Broaden out connections. With shorter, darker days and many of us physically distanced from loved ones, feelings of isolation can set in. We are hard wired for connection so being without this company can be incredibly distressing. We know to make a priority of staying connected to friends and family however possible. But sometimes we overlook important connections that may exist beyond the obvious human ones: to pets, nature, faith, music, movement, poetry, drawing. We are not alone, far from it. I find a long walk (or ‘sanity walk’ as I like to call them) is a great reminder of this simple truth. Walking in the wider world offers perspective. At its most basic level, feet touching the earth, eyes and ears and all senses taking in the life all around us gives the comfort of interdependence, or interbeing as it is sometimes called. Walking in this way is such an expansive exercise; it invites us to re-engage with the world around us rather than recoil into isolation
Accept that ‘good enough‘ is good enough. The holidays are often a time when perfectionism creeps in. What is supposed to be a joyous time of year is often in equal parts stressful due to these unrealistic expectations. Covid-19 has made the picture-perfect holiday season all but impossible anyway, so can we forget the Sainsbury’s commercials and collectively sigh a breath of relief that ‘good enough’ really is good enough in 2020? An extra bonus if we agree to carry this mentality into future years as well.

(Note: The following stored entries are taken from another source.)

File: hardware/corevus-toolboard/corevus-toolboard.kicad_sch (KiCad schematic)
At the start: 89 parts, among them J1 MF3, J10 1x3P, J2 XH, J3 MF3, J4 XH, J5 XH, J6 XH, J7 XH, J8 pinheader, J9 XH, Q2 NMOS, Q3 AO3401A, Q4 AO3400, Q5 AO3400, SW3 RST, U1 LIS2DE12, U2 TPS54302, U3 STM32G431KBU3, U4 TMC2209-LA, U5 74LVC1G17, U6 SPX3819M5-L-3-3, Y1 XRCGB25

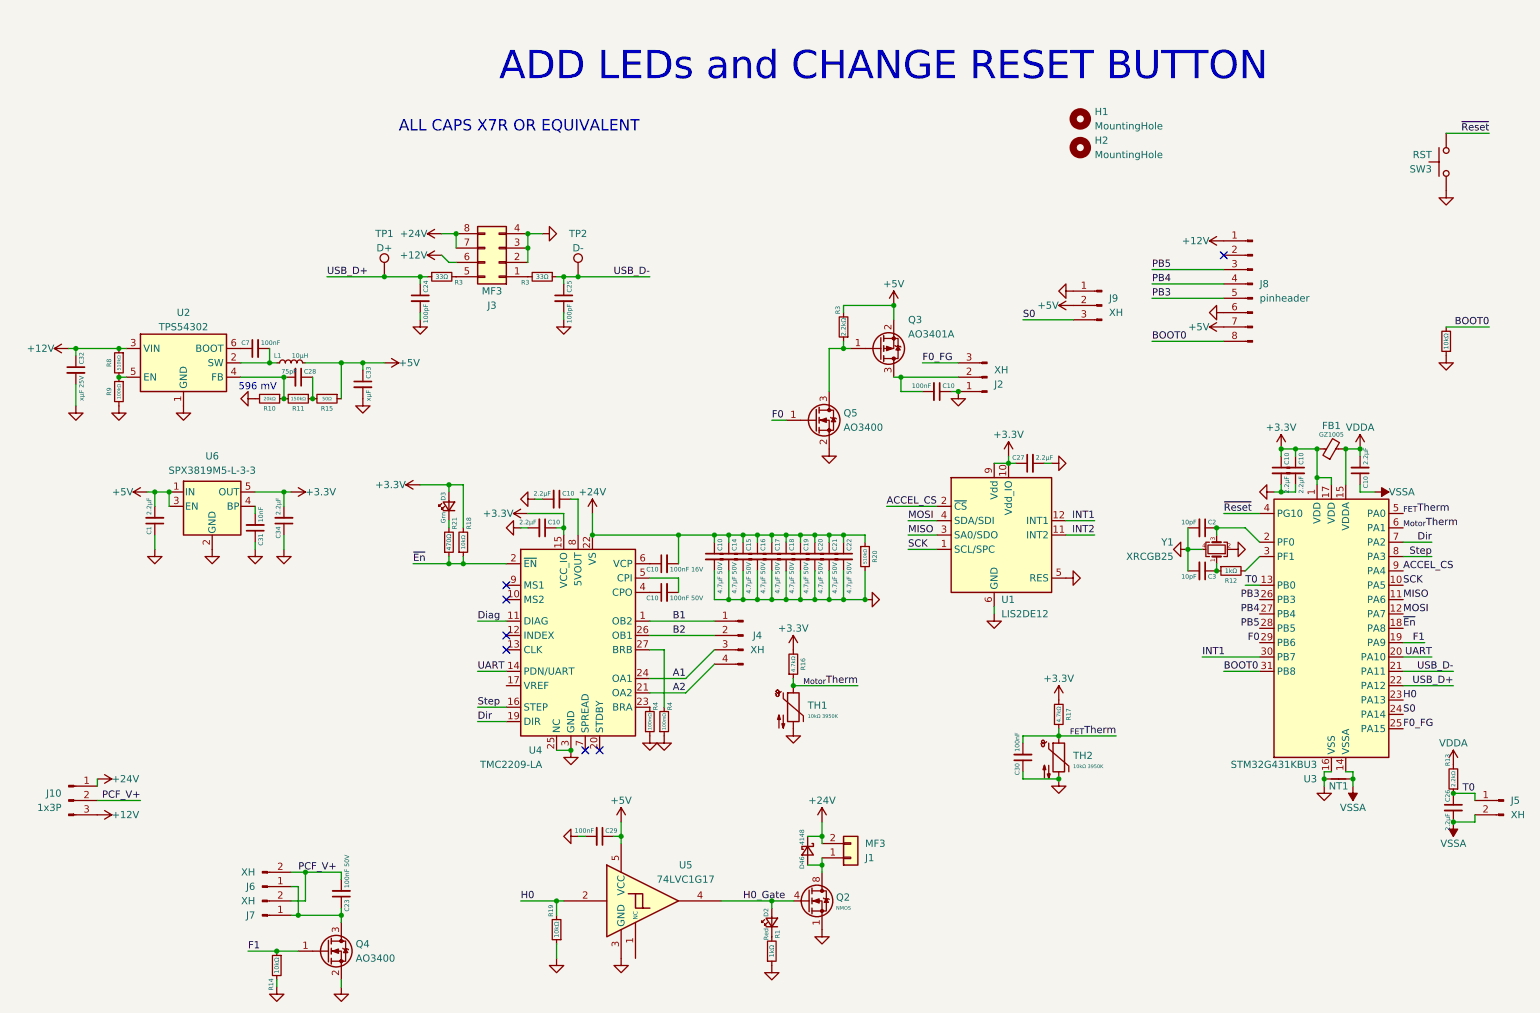
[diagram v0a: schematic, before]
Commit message: v0.3 toolboard nearing completion (just need to make the production files), also made panelization test board
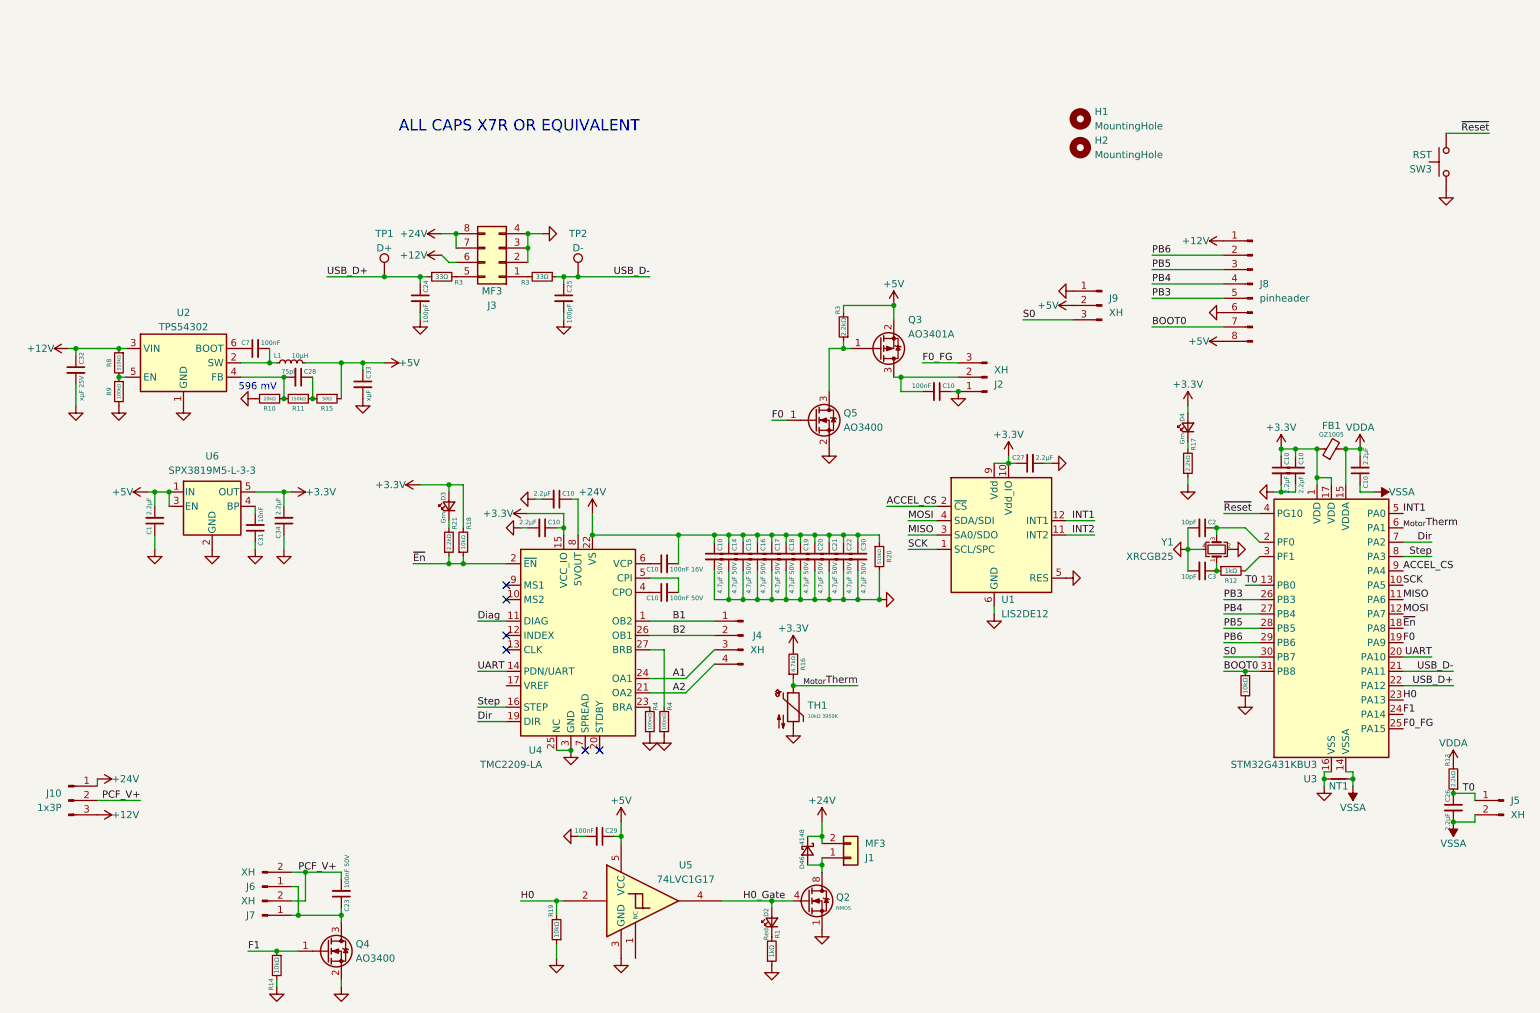
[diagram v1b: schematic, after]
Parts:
- removed TH2: 10kΩ 3950K, AlphaLib:0402R, symbol Device:Thermistor_NTC
- added D4: Grn, AlphaLib:0402LED, symbol Device:LED_Small
- C30: value 100nF -> 4.7µF 50V; footprint AlphaLib:0402C -> Capacitor_SMD:C_0805_2012Metric
- R17: value 4.7kΩ -> 2.2kΩ
- R21: value 470Ω -> 2.2kΩ
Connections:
- net +24V: now also C30.1
- net +3.3V: now also D4.2 (A); no longer R17.2
- net +5V: now also J8.8 (Pin_8); no longer J8.7 (Pin_7)
- net BOOT0: now also J8.7 (Pin_7); no longer J8.8 (Pin_8)
- net F0: now also U3.19 (PA9); no longer U3.29 (PB6)
- net F1: now also U3.24 (PA14); no longer U3.19 (PA9)
- net GND: now also C30.2, R17.1; no longer C30.1
- net INT1: now also U3.5 (PA0); no longer U3.30 (PB7)
- net S0: now also U3.30 (PB7); no longer U3.24 (PA14)
- net PB6: now reaches J8.2 (Pin_2)
- net PB6: now also U3.29 (PB6)
- removed net _{FET}Therm: C30.2, R17.1, U3.5 (PA0)
- new net: D4.1 (K), R17.2
- no-connect marks 7 -> 6
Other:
- note removed: "ADD LEDs and CHANGE RESET BUTTON"
- moved on the sheet: R20

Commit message: finished production data for toolboard v0.3, just waiting on parts eeeeeeee
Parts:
- C10: LCSC C1525 -> (none)
- C10: value 100nF 50V -> 22nF 50V; LCSC C1532 -> (none)
- C24, C25: value 100pF -> 10pF; LCSC C1525 -> (none)
- C28: value 75pF -> 68pF; LCSC C1525 -> (none)
- C32: value xµF 25V -> 10µF 25V
- C33: value xµF -> 10µF
- R15: value 50Ω -> 51Ω
- R4: LCSC C382279 -> (none)
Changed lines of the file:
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@@
 	(wire
 		(pts
+			(xy 77.47 85.09) (xy 77.47 83.82)
+		)
+		(stroke
+			(width 0)
+			(type default)
+		)
+	)
+	(wire
+		(pts
 			(xy 97.79 132.08) (xy 102.87 132.08)
 		)
@@
 			)
 		)
-		(property "LCSC" "C1525"
-			(at 130.81 113.03 90)
-			(effects
-				(font
-					(size 1.27 1.27)
-				)
-				(hide yes)
-			)
-		)
 		(pin "1"
 		)
@@
 			)
 		)
-		(property "Value" "100pF"
+		(property "Value" "10pF"
 			(at 88.63 67.04 90)
 			(effects
@@
 			)
 		)
-		(property "LCSC" "C1525"
-			(at 87.63 66.04 90)
-			(effects
-				(font
-					(size 1.27 1.27)
-				)
-				(hide yes)
-			)
-		)
 		(pin "1"
 		)
@@
 			)
 		)
-		(property "Value" "100nF 50V"
+		(property "Value" "22nF 50V"
 			(at 131.81 119.11 90)
 			(effects
@@
 			)
 		)
-		(property "LCSC" "C1532"
-			(at 130.81 118.11 90)
-			(effects
-				(font
-					(size 1.27 1.27)
-				)
-				(hide yes)
-			)
-		)
 		(pin "1"
 		)
@@
 			)
 		)
-		(property "LCSC" "C382279"
-			(at 128.27 140.97 90)
-			(effects
-				(font
-					(size 1.27 1.27)
-				)
-				(hide yes)
-			)
-		)
 		(pin "1"
 		)
@@
 			)
 		)
-		(property "LCSC" "C382279"
-			(at 130.81 140.97 90)
-			(effects
-				(font
-					(size 1.27 1.27)
-				)
-				(hide yes)
-			)
-		)
 		(pin "1"
 		)
@@
 			)
 		)
-		(property "Value" "xµF 25V"
+		(property "Value" "10µF 25V"
 			(at 27.67 79.74 90)
 			(effects
@@
 			)
 		)
-		(property "Value" "75pF "
+		(property "Value" "68pF "
 			(at 65.77 79.01 90)
 			(effects
@@
 			)
 		)
-		(property "LCSC" "C1525"
-			(at 66.04 80.01 90)
-			(effects
-				(font
-					(size 1.27 1.27)
-				)
-				(hide yes)
-			)
-		)
 		(pin "1"
 		)
@@
 			)
 		)
-		(property "Value" "50Ω"
+		(property "Value" "51Ω"
 			(at 71.12 83.82 90)
 			(effects
@@
 			)
 		)
-		(property "Value" "xµF"
+		(property "Value" "10µF"
 			(at 78.47 82.28 90)
 			(effects
@@
 			)
 		)
-		(property "Value" "100pF"
+		(property "Value" "10pF"
 			(at 114.03 67.04 90)
 			(effects
@@
 			)
 		)
-		(property "LCSC" "C1525"
-			(at 113.03 66.04 90)
-			(effects
-				(font
-					(size 1.27 1.27)
-				)
-				(hide yes)
-			)
-		)
 		(pin "1"
 		)
@@
 	(symbol
 		(lib_id "power:GND")
-		(at 77.47 83.82 0)
+		(at 77.47 85.09 0)
 		(unit 1)
 		(exclude_from_sim no)
@@
 		(dnp no)
 		(property "Reference" "#PWR056"
-			(at 77.47 90.17 0)
+			(at 77.47 91.44 0)
 			(effects
 				(font
@@
 		)
 		(property "Value" "GND"
-			(at 77.47 86.36 90)
+			(at 77.47 87.63 90)
 			(effects
 				(font
@@
 		)
 		(property "Footprint" ""
-			(at 77.47 83.82 0)
+			(at 77.47 85.09 0)
 			(effects
 				(font
@@
 		)
 		(property "Datasheet" ""
-			(at 77.47 83.82 0)
+			(at 77.47 85.09 0)
 			(effects
 				(font
@@
 		)
 		(property "Description" ""
-			(at 77.47 83.82 0)
+			(at 77.47 85.09 0)
 			(effects
 				(font

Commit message: should be up to date for cvg v0.6 and latest protected drivers
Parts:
- removed TP1: D+, symbol Connector:TestPoint
- removed TP2: D-, symbol Connector:TestPoint
- removed U5: 74LVC1G17, Package_TO_SOT_SMD:SOT-23-5, symbol 74xGxx:74LVC1G17
- added U5: MCP1416, Package_TO_SOT_SMD:SOT-23-5, symbol Driver_FET:MCP1416
- C10, C26, C27: value 2.2µF -> 1µF
- C24, C25: now not fitted; now left out of the parts list
- C29: value 100nF -> 1µF 25V
- R1: value 1kΩ -> 4.7kΩ
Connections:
- net +12V: now also C29.1, U5.2 (Vdd)
- net +5V: no longer C29.1
- net ACCEL_CS: now also U3.25 (PA15); no longer U3.9 (PA4)
- net Dir: now also U3.6 (PA1); no longer U3.7 (PA2)
- net F0_FG: no longer U3.25 (PA15)
- net GND: now also U5.1 (NC), U5.4 (GND)
- net H0: now also D2.2 (A), U5.3 (IN)
- net H0_Gate: now also U5.5 (OUT); no longer D2.2 (A)
- net INT1: now also U3.20 (PA10); no longer U1.12 (INT1), U3.5 (PA0)
- net PB6: no longer J8.2 (Pin_2), U3.29 (PB6)
- net T0: now also J5.2 (Pin_2); no longer J5.1 (Pin_1)
- net UART: now also U3.5 (PA0); no longer U3.20 (PA10)
- net VSSA: now also J5.1 (Pin_1); no longer J5.2 (Pin_2)
- net _{Motor}Therm: now also U3.7 (PA2); no longer U3.6 (PA1)
- net D+: now reaches J3.5 (Pin_5), R3.2
- net D-: now reaches J3.1 (Pin_1), R3.2
- net INT2: no longer names the net of U1.11 (INT2)
- net MISO renamed PA6
- net PA6: now also J8.4 (Pin_4); no longer U1.3 (SA0/SDO)
- net MOSI renamed PA7
- net PA7: now also J8.5 (Pin_5); no longer U1.4 (SDA/SDI)
- net PB3 renamed SPI1_SCK
- net SPI1_SCK: now also U1.1 (SCL/SPC); no longer J8.5 (Pin_5)
- net PB4 renamed SPI1_MISO
- net SPI1_MISO: now also U1.3 (SA0/SDO); no longer J8.4 (Pin_4)
- net PB5 renamed PA5
- net PA5: now also U3.10 (PA5); no longer U3.28 (PB5)
- removed net SCK: U1.1 (SCL/SPC), U3.10 (PA5)
- net USB_D+ renamed D+'
- net USB_D- renamed D-'
- new net PA4: J8.2 (Pin_2), U3.9 (PA4)
- new net SPI1_MOSI: U1.4 (SDA/SDI), U3.28 (PB5)
- no-connect marks 6 -> 8
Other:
- note added: "TODO: SOLDER JUMPER"
- moved on the sheet: C1, C10, C14, C15, C16, C17, C18, C19, C20, C21, C22, C29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

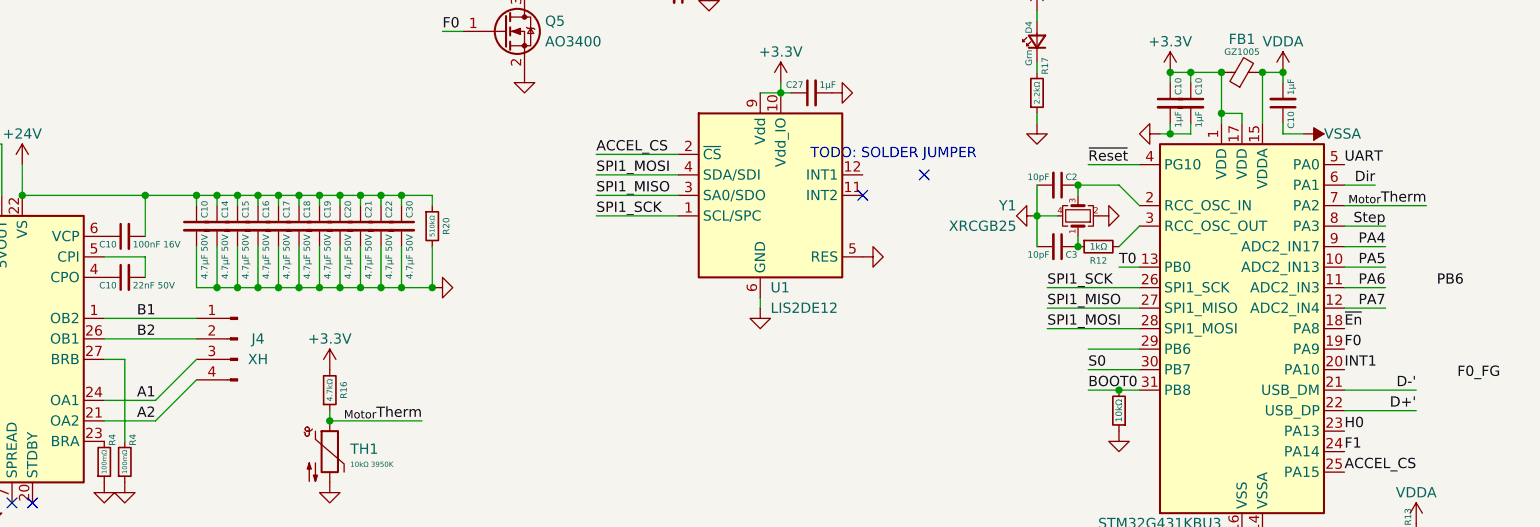
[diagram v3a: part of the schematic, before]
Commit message: Added details on fan / motor voltage selection
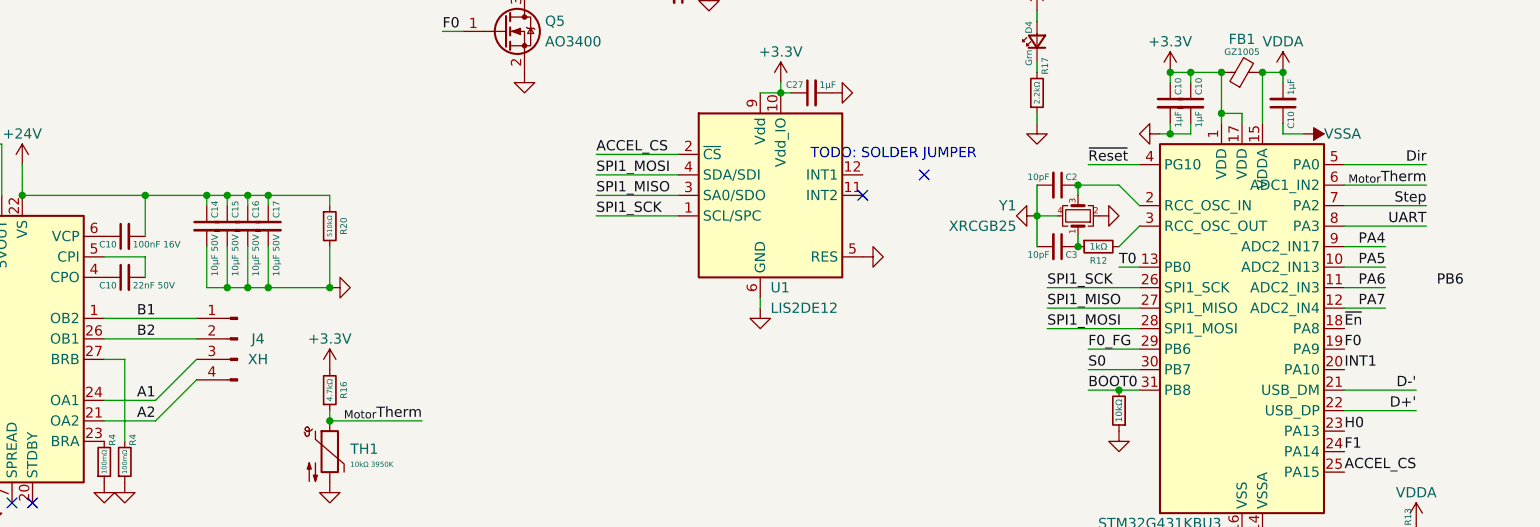
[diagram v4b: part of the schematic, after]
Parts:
- removed C10, C18, C19, C20, C21, C22, C30: 4.7µF 50V, Capacitor_SMD:C_0805_2012Metric, symbol Device:C_Small
- C14, C15, C16, C17: value 4.7µF 50V -> 10µF 50V; footprint Capacitor_SMD:C_0805_2012Metric -> Capacitor_SMD:C_1206_3216Metric
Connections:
- net Dir: now also U3.5 (PA0); no longer U3.6 (PA1)
- net F0_FG: now also U3.29 (PB6)
- net Step: now also U3.7 (PA2); no longer U3.8 (PA3)
- net UART: now also U3.8 (PA3); no longer U3.5 (PA0)
- net _{Motor}Therm: now also U3.6 (PA1); no longer U3.7 (PA2)
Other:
- moved on the sheet: C14, C15, C16, C17, R20

Establish a self-support routine. What we hoped would be a Covid sprint has turned into a marathon. Many are feeling bombarded and overwhelmed by all that 2020 has thrown our way. When stress goes up, the support in our lives needs to ratchet up in step. Get clear with yourself what actions make you feel better, and those that make you feel worse. Write them down. Commit to increasing the former and decreasing the latter. This is enormously effective but deceptively simple. Few of us act on it and stick to it. No time like the present. Equally, the absence of all activities is important too. In our productivity-obsessed culture, we often forget to rest – always important, but especially so after a tumultuous year. Here, the poet Emily Pearce’s words offer a seasonal invitation:
She speaks slowly
with a voice like moss,
soft, deep and damp.
If you’re not listening carefully
you might just miss it,
rising out from the earth
like vapour,
gently tugging at your ankles.
“Rest” she says,
“Deeper. Rest as deep as I am.
You are moving too fast.
Become soil,
become the slow-growing tree.
Send your roots deep
into the rich darkness
where they can truly be nourished.
Winter is sanctuary
and you are weary.
Come drink of my stillness
and dream in the dark earth.”
Wishing us all rest and stillness over the final weeks and days of the year. They may make for a different form of festive ‘celebration’ but feel particularly needed after all we’ve collectively endured in 2020. Happy holidays!